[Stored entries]
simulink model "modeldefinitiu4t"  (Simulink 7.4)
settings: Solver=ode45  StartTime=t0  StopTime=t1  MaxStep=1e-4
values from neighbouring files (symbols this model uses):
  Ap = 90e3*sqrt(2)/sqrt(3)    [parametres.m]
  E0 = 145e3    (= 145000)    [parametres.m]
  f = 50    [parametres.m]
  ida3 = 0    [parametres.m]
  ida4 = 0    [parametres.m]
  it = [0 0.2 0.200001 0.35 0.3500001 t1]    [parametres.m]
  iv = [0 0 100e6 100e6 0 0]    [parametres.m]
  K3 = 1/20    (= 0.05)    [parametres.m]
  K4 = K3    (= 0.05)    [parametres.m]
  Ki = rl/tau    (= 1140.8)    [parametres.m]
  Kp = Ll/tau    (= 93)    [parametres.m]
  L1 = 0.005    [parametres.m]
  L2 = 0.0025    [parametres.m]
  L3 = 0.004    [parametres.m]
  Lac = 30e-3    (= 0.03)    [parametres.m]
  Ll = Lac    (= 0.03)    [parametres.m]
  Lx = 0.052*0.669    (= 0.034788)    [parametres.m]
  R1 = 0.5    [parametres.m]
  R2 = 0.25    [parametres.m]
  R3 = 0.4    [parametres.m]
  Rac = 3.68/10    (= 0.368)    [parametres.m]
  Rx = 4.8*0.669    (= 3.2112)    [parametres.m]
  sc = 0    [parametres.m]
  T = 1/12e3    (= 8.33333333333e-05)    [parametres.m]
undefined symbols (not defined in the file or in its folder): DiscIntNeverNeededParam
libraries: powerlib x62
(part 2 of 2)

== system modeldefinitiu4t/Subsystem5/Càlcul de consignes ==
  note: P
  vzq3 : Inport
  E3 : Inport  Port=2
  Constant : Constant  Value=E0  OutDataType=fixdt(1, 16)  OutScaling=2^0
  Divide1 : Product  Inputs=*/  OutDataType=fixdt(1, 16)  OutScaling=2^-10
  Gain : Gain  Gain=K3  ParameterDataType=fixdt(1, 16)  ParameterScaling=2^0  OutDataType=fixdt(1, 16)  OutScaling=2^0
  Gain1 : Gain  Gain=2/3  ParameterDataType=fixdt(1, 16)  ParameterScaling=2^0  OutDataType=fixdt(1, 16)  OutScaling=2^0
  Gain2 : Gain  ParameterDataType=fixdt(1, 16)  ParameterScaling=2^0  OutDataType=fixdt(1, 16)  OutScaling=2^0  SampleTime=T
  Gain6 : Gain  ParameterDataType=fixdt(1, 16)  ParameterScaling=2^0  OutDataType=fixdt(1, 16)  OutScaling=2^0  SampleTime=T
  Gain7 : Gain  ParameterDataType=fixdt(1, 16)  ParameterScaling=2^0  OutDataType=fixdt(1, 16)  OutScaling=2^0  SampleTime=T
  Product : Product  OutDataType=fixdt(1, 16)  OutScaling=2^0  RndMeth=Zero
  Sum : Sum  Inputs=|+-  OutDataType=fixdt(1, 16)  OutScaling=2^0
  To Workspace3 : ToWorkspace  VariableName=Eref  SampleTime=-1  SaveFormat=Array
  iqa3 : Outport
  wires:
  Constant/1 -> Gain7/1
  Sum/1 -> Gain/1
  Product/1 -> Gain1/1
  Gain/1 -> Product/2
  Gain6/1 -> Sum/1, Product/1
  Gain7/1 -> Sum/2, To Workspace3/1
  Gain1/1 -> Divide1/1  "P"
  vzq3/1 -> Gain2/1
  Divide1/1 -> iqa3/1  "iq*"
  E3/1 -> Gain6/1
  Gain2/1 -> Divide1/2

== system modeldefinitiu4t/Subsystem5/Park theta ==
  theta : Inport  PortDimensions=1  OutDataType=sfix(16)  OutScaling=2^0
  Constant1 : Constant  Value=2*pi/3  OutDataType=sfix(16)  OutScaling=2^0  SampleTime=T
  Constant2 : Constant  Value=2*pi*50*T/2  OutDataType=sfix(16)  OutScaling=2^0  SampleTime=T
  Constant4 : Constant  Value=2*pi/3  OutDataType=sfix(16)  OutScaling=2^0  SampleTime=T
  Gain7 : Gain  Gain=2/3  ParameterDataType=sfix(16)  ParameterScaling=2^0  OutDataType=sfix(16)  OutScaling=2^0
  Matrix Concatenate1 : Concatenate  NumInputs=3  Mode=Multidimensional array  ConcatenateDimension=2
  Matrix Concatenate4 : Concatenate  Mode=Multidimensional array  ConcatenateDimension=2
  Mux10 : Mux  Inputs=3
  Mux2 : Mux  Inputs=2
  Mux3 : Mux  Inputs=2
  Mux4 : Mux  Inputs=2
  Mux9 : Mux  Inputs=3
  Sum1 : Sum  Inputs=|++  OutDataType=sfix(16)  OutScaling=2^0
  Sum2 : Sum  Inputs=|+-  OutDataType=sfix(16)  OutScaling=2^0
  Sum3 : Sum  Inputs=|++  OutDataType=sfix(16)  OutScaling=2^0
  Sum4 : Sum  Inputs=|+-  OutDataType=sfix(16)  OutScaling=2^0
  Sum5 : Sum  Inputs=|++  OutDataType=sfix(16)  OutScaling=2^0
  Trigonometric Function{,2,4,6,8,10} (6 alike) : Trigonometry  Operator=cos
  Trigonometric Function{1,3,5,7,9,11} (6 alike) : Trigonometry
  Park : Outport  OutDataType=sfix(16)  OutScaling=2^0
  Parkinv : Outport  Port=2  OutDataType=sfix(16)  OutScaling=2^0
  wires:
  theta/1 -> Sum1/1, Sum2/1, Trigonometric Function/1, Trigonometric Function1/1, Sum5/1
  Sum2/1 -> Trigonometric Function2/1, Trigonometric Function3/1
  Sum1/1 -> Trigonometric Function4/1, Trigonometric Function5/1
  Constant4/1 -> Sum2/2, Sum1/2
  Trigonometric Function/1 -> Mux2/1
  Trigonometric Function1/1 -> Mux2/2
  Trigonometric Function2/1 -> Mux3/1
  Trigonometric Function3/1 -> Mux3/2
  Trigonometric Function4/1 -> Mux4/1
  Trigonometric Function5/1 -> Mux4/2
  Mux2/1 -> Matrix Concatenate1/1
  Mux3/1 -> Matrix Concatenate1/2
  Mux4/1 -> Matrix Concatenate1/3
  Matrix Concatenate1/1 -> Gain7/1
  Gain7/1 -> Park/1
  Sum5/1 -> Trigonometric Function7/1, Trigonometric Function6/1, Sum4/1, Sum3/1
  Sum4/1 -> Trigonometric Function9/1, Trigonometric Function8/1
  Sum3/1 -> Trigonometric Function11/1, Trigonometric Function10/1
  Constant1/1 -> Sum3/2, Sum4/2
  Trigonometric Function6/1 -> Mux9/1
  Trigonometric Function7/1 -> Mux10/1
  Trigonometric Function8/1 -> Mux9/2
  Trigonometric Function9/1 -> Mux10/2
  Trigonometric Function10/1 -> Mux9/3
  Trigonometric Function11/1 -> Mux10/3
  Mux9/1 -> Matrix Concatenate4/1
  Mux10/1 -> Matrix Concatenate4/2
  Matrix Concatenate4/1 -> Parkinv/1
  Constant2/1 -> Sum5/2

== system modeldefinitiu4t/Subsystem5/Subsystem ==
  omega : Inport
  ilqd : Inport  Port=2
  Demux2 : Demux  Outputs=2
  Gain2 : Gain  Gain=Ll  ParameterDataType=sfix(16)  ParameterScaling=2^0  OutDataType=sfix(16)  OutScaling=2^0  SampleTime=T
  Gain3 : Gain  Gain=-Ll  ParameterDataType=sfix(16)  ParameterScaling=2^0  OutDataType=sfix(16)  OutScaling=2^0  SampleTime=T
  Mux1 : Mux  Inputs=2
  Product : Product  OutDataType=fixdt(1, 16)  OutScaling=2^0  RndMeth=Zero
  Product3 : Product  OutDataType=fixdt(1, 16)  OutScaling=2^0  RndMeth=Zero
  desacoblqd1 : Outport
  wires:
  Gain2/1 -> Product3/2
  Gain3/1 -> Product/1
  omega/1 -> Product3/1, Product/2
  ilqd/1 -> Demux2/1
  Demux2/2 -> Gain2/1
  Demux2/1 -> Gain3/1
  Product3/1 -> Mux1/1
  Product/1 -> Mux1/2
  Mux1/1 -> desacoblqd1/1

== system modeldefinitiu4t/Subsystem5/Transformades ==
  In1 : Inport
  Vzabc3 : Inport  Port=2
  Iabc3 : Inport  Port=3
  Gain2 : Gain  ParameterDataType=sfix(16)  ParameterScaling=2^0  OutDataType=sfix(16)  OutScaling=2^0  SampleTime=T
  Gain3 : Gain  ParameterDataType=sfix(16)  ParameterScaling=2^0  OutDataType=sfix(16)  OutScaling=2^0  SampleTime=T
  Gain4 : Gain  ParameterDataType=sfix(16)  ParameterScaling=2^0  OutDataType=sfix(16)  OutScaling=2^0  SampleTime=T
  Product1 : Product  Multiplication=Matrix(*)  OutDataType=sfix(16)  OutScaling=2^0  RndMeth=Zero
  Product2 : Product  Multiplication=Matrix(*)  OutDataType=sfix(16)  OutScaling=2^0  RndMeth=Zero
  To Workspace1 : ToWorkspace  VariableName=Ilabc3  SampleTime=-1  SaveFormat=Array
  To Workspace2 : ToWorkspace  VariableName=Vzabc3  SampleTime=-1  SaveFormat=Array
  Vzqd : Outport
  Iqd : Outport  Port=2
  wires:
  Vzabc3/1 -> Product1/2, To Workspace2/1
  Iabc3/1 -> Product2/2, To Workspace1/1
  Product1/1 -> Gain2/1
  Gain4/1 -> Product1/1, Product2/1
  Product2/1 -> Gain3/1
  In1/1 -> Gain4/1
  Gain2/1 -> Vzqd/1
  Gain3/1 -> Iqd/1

## Directions
Would you print exactly, and only, the lines of the data above from the line with "omega : Inport" through the line with "Iabc3 : Inport", inclusive?

## Solution to this exercise
  omega : Inport
  ilqd : Inport  Port=2
  Demux2 : Demux  Outputs=2
  Gain2 : Gain  Gain=Ll  ParameterDataType=sfix(16)  ParameterScaling=2^0  OutDataType=sfix(16)  OutScaling=2^0  SampleTime=T
  Gain3 : Gain  Gain=-Ll  ParameterDataType=sfix(16)  ParameterScaling=2^0  OutDataType=sfix(16)  OutScaling=2^0  SampleTime=T
  Mux1 : Mux  Inputs=2
  Product : Product  OutDataType=fixdt(1, 16)  OutScaling=2^0  RndMeth=Zero
  Product3 : Product  OutDataType=fixdt(1, 16)  OutScaling=2^0  RndMeth=Zero
  desacoblqd1 : Outport
  wires:
  Gain2/1 -> Product3/2
  Gain3/1 -> Product/1
  omega/1 -> Product3/1, Product/2
  ilqd/1 -> Demux2/1
  Demux2/2 -> Gain2/1
  Demux2/1 -> Gain3/1
  Product3/1 -> Mux1/1
  Product/1 -> Mux1/2
  Mux1/1 -> desacoblqd1/1

== system modeldefinitiu4t/Subsystem5/Transformades ==
  In1 : Inport
  Vzabc3 : Inport  Port=2
  Iabc3 : Inport  Port=3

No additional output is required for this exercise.